_Task to carry out_
Set down exactly the lines below between the line holding "Solenoid/spool valve : TransferFcn" and the line holding "To Workspace1 : ToWorkspace", inclusive; no other line belongs in the answer.

_Given entries_
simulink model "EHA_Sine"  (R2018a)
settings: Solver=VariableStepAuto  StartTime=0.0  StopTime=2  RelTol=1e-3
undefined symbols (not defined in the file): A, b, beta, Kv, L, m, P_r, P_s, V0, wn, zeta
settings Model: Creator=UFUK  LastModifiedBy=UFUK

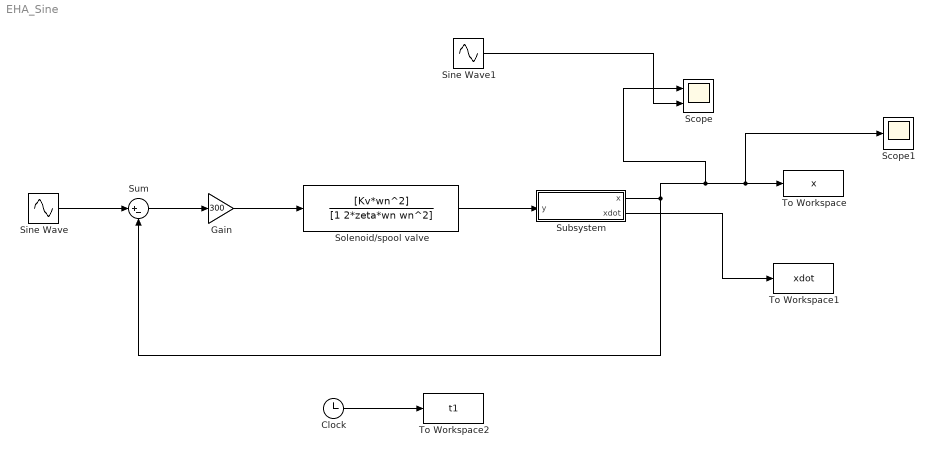
== system EHA_Sine ==
  Clock : Clock
  Gain : Gain  Gain=300
  Scope : Scope  NumInputPorts=2
  Scope1 : Scope
  Sine Wave : Sin  Amplitude=L/4  Bias=L/2  Frequency=12.56  SampleTime=0
  Sine Wave1 : Sin  Amplitude=0.17  Bias=0.34  Frequency=12.56  SampleTime=0
  Solenoid/spool valve : TransferFcn  Numerator=[Kv*wn^2]  Denominator=[1 2*zeta*wn wn^2]
  Subsystem : Subsystem
  Sum : Sum  Inputs=|+-
  To Workspace : ToWorkspace  VariableName=x  SaveFormat=Timeseries  SampleTime=-1
  To Workspace1 : ToWorkspace  VariableName=xdot  SaveFormat=Timeseries  SampleTime=-1
  To Workspace2 : ToWorkspace  VariableName=t1  SaveFormat=Timeseries  SampleTime=-1
  wires:
  Gain/1 -> Solenoid/spool valve/1
  Solenoid/spool valve/1 -> Subsystem/1("y ")
  Sum/1 -> Gain/1
  Clock/1 -> To Workspace2/1
  Subsystem/2(xdot) -> To Workspace1/1
  Sine Wave/1 -> Sum/1
  Subsystem/1(x) -> Scope/1, Scope1/1, To Workspace/1, Sum/2
  Sine Wave1/1 -> Scope/2

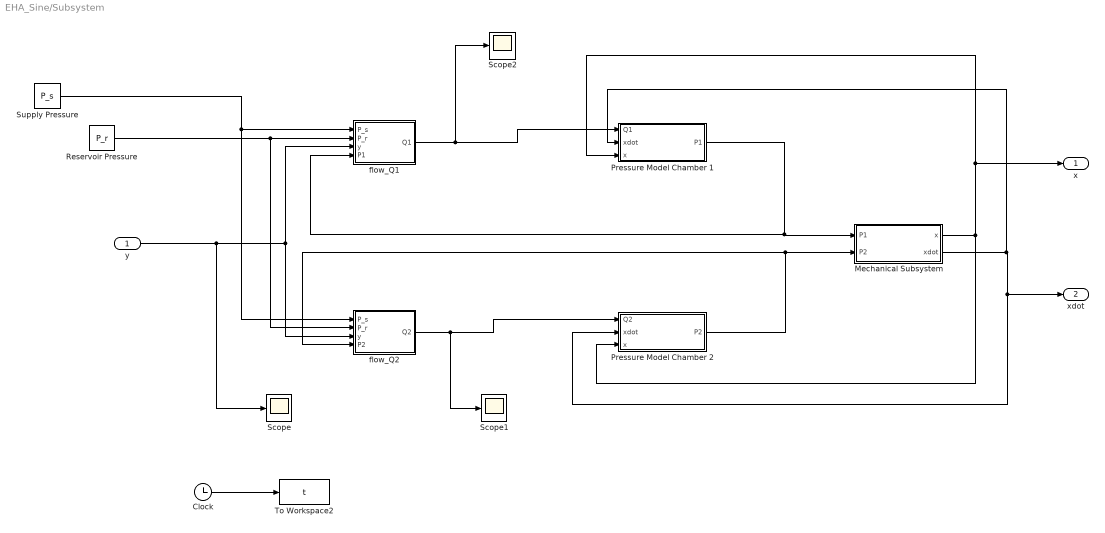
== system EHA_Sine/Subsystem ==
  "y " : Inport
  Clock : Clock
  "Mechanical Subsystem " : Subsystem
  Pressure Model Chamber 1 : Subsystem
  "Pressure Model Chamber 2 " : Subsystem
  Reservoir Pressure : Constant  Value=P_r
  Scope : Scope
  Scope1 : Scope
  Scope2 : Scope
  Supply Pressure : Constant  Value=P_s
  To Workspace2 : ToWorkspace  VariableName=t  SaveFormat=Timeseries  SampleTime=-1
  "flow_Q1 " : MATLAB Function  TreatAsAtomicUnit=on
  "flow_Q2 " : MATLAB Function  TreatAsAtomicUnit=on
  x : Outport
  xdot : Outport  Port=2
  wires:
  "y "/1 -> Scope/1, "flow_Q2 "/3(y), "flow_Q1 "/3(y)
  Supply Pressure/1 -> "flow_Q2 "/1(P_s), "flow_Q1 "/1(P_s)
  Reservoir Pressure/1 -> "flow_Q2 "/2(P_r), "flow_Q1 "/2(P_r)
  Pressure Model Chamber 1/1(P1) -> "flow_Q1 "/4(P1), "Mechanical Subsystem "/1(P1)
  "Pressure Model Chamber 2 "/1(P2) -> "flow_Q2 "/4(P2), "Mechanical Subsystem "/2(P2)
  "Mechanical Subsystem "/1(x) -> "Pressure Model Chamber 2 "/3(x), x/1, Pressure Model Chamber 1/3(x)
  "Mechanical Subsystem "/2(xdot) -> Pressure Model Chamber 1/2(xdot), xdot/1, "Pressure Model Chamber 2 "/2(xdot)
  "flow_Q2 "/1(Q2) -> Scope1/1, "Pressure Model Chamber 2 "/1(Q2)
  "flow_Q1 "/1(Q1) -> Scope2/1, Pressure Model Chamber 1/1(Q1)
  Clock/1 -> To Workspace2/1

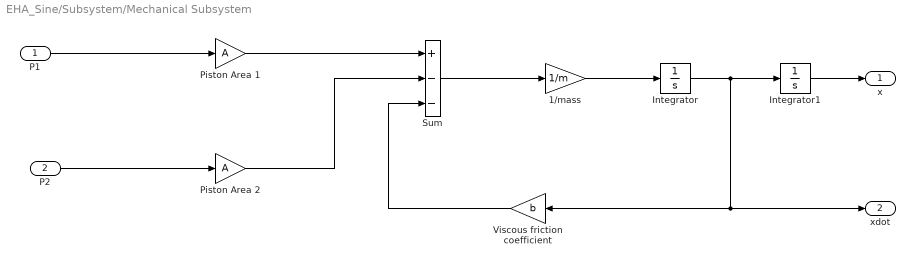
== system EHA_Sine/Subsystem/Mechanical Subsystem  ==
  P1 : Inport
  P2 : Inport  Port=2
  1/mass : Gain  Gain=1/m
  Integrator : Integrator
  Integrator1 : Integrator  InitialCondition=L/2
  Piston Area 1 : Gain  Gain=A
  Piston Area 2 : Gain  Gain=A
  Sum : Sum  Inputs=+--  OutMin=[1]  OutMax=[3]
  Viscous friction coefficient : Gain  Gain=b
  x : Outport
  xdot : Outport  Port=2
  wires:
  Piston Area 2/1 -> Sum/2
  Piston Area 1/1 -> Sum/1
  1/mass/1 -> Integrator/1
  Integrator1/1 -> x/1
  Viscous friction coefficient/1 -> Sum/3
  P2/1 -> Piston Area 2/1
  P1/1 -> Piston Area 1/1
  Sum/1 -> 1/mass/1
  Integrator/1 -> Viscous friction coefficient/1, xdot/1, Integrator1/1

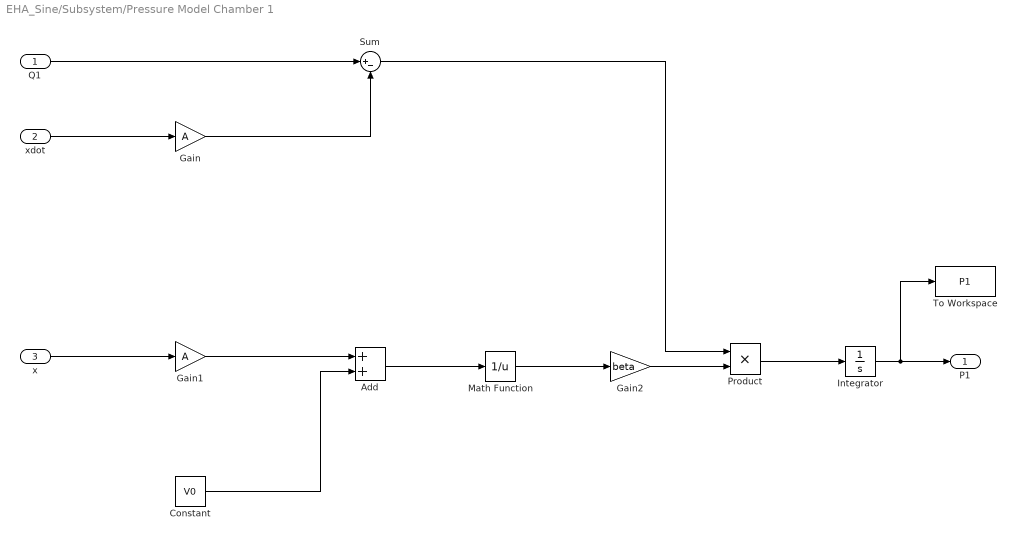
== system EHA_Sine/Subsystem/Pressure Model Chamber 1 ==
  Q1 : Inport
  xdot : Inport  Port=2
  x : Inport  Port=3
  Add : Sum
  Constant : Constant  Value=V0
  Gain : Gain  Gain=A
  Gain1 : Gain  Gain=A
  Gain2 : Gain  Gain=beta
  Integrator : Integrator  InitialCondition=0.1*P_s
  Math Function : Math  Operator=reciprocal  SaturateOnIntegerOverflow=on
  Product : Product
  Sum : Sum  Inputs=|+-
  To Workspace : ToWorkspace  VariableName=P1  SaveFormat=Timeseries  SampleTime=-1
  P1 : Outport
  wires:
  Q1/1 -> Sum/1
  xdot/1 -> Gain/1
  Gain/1 -> Sum/2
  x/1 -> Gain1/1
  Constant/1 -> Add/2
  Gain1/1 -> Add/1
  Add/1 -> Math Function/1
  Math Function/1 -> Gain2/1
  Gain2/1 -> Product/2
  Sum/1 -> Product/1
  Integrator/1 -> To Workspace/1, P1/1
  Product/1 -> Integrator/1

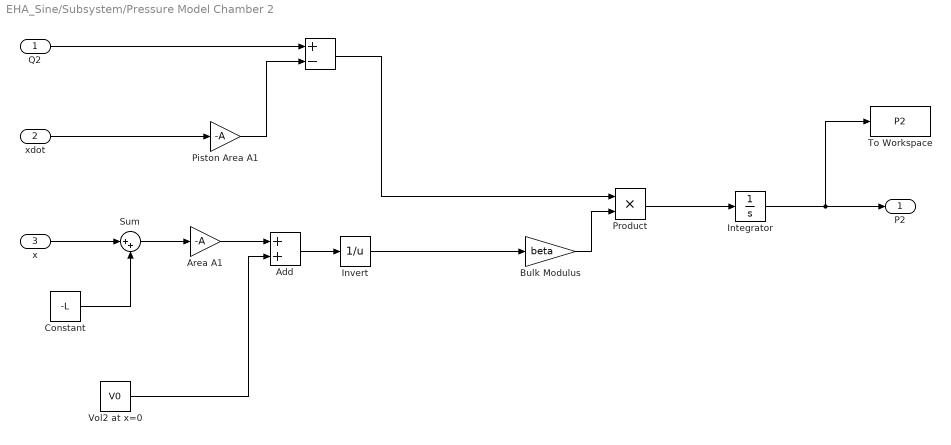
== system EHA_Sine/Subsystem/Pressure Model Chamber 2  ==
  Q2 : Inport
  xdot : Inport  Port=2
  x : Inport  Port=3
  " " : Sum  Inputs=+-
  Add : Sum
  Area A1 : Gain  Gain=-A
  Bulk Modulus : Gain  Gain=beta
  Constant : Constant  Value=-L
  Integrator : Integrator  InitialCondition=0.1*P_s
  Invert : Math  Operator=reciprocal  SaturateOnIntegerOverflow=on
  Piston Area A1 : Gain  Gain=-A
  Product : Product
  Sum : Sum  Inputs=|++
  To Workspace : ToWorkspace  VariableName=P2  SaveFormat=Timeseries  SampleTime=-1
  Vol2 at x=0 : Constant  Value=V0
  P2 : Outport
  wires:
  Integrator/1 -> P2/1, To Workspace/1
  " "/1 -> Product/1
  Bulk Modulus/1 -> Product/2
  Add/1 -> Invert/1
  Area A1/1 -> Add/1
  Vol2 at x=0/1 -> Add/2
  Piston Area A1/1 -> " "/2
  Q2/1 -> " "/1
  x/1 -> Sum/1
  xdot/1 -> Piston Area A1/1
  Invert/1 -> Bulk Modulus/1
  Product/1 -> Integrator/1
  Constant/1 -> Sum/2
  Sum/1 -> Area A1/1

== matlab function EHA_Sine/Subsystem/flow_Q2  ==
  data: P_s input; Q2 output; P_r input; y input; P2 input
function Q2 = flow_Q2(P_s,P_r,y,P2)
u = [P_s,P_r,y,P2];
% system parameter
h = 0.009; % height of valve opening, m
% hydraulic constants
Cd = 0.68; % discharge coefficient
rho = 893; % fluid density, kg/m^3
% System inputs
P_s = u(1); % supply pressure, Pa
P_r = u(2); % reservoir pressure, Pa
y = u(3); % valve displacement, m
P2 = u(4); % pressure in chamber 2, Pa
% Compute valve orifice area
Av = abs(y)*h; % valve orifice area, m^2
if y <= 0
Q2 =Cd*Av*sign(P_s-P2)*sqrt( 2*abs(P_s-P2)/rho );
else
Q2 =-Cd*Av*sign(P2-P_r)*sqrt( 2*abs(P2-P_r)/rho );
end
y=u;

== matlab function EHA_Sine/Subsystem/flow_Q1  ==
  data: P_s input; Q1 output; P_r input; y input; P1 input
function Q1 = flow_Q1(P_s,P_r,y,P1)
u = [P_s,P_r,y,P1]';
% system parameter
h = 0.009; % height of valve opening, m
% hydraulic constants
Cd = 0.68; % discharge coefficient
rho = 893; % fluid density, kg/m^3
% System inputs
P_s = u(1); % supply pressure, Pa
P_r = u(2); % reservoir pressure, Pa
y = u(3); % valve displacement, m
P1 = u(4); % pressure in chamber 1, Pa
% Compute valve orifice area
Av = abs(y)*h; % valve orifice area, m^2
if y >= 0
Q1 = Cd*Av*sign(P_s-P1)*sqrt(2*abs(P_s-P1)/rho);
else
Q1 = -Cd*Av*sign(P1-P_r)*sqrt(2*abs(P1-P_r)/rho);
end
y=u;

_Response_
  Solenoid/spool valve : TransferFcn  Numerator=[Kv*wn^2]  Denominator=[1 2*zeta*wn wn^2]
  Subsystem : Subsystem
  Sum : Sum  Inputs=|+-
  To Workspace : ToWorkspace  VariableName=x  SaveFormat=Timeseries  SampleTime=-1
  To Workspace1 : ToWorkspace  VariableName=xdot  SaveFormat=Timeseries  SampleTime=-1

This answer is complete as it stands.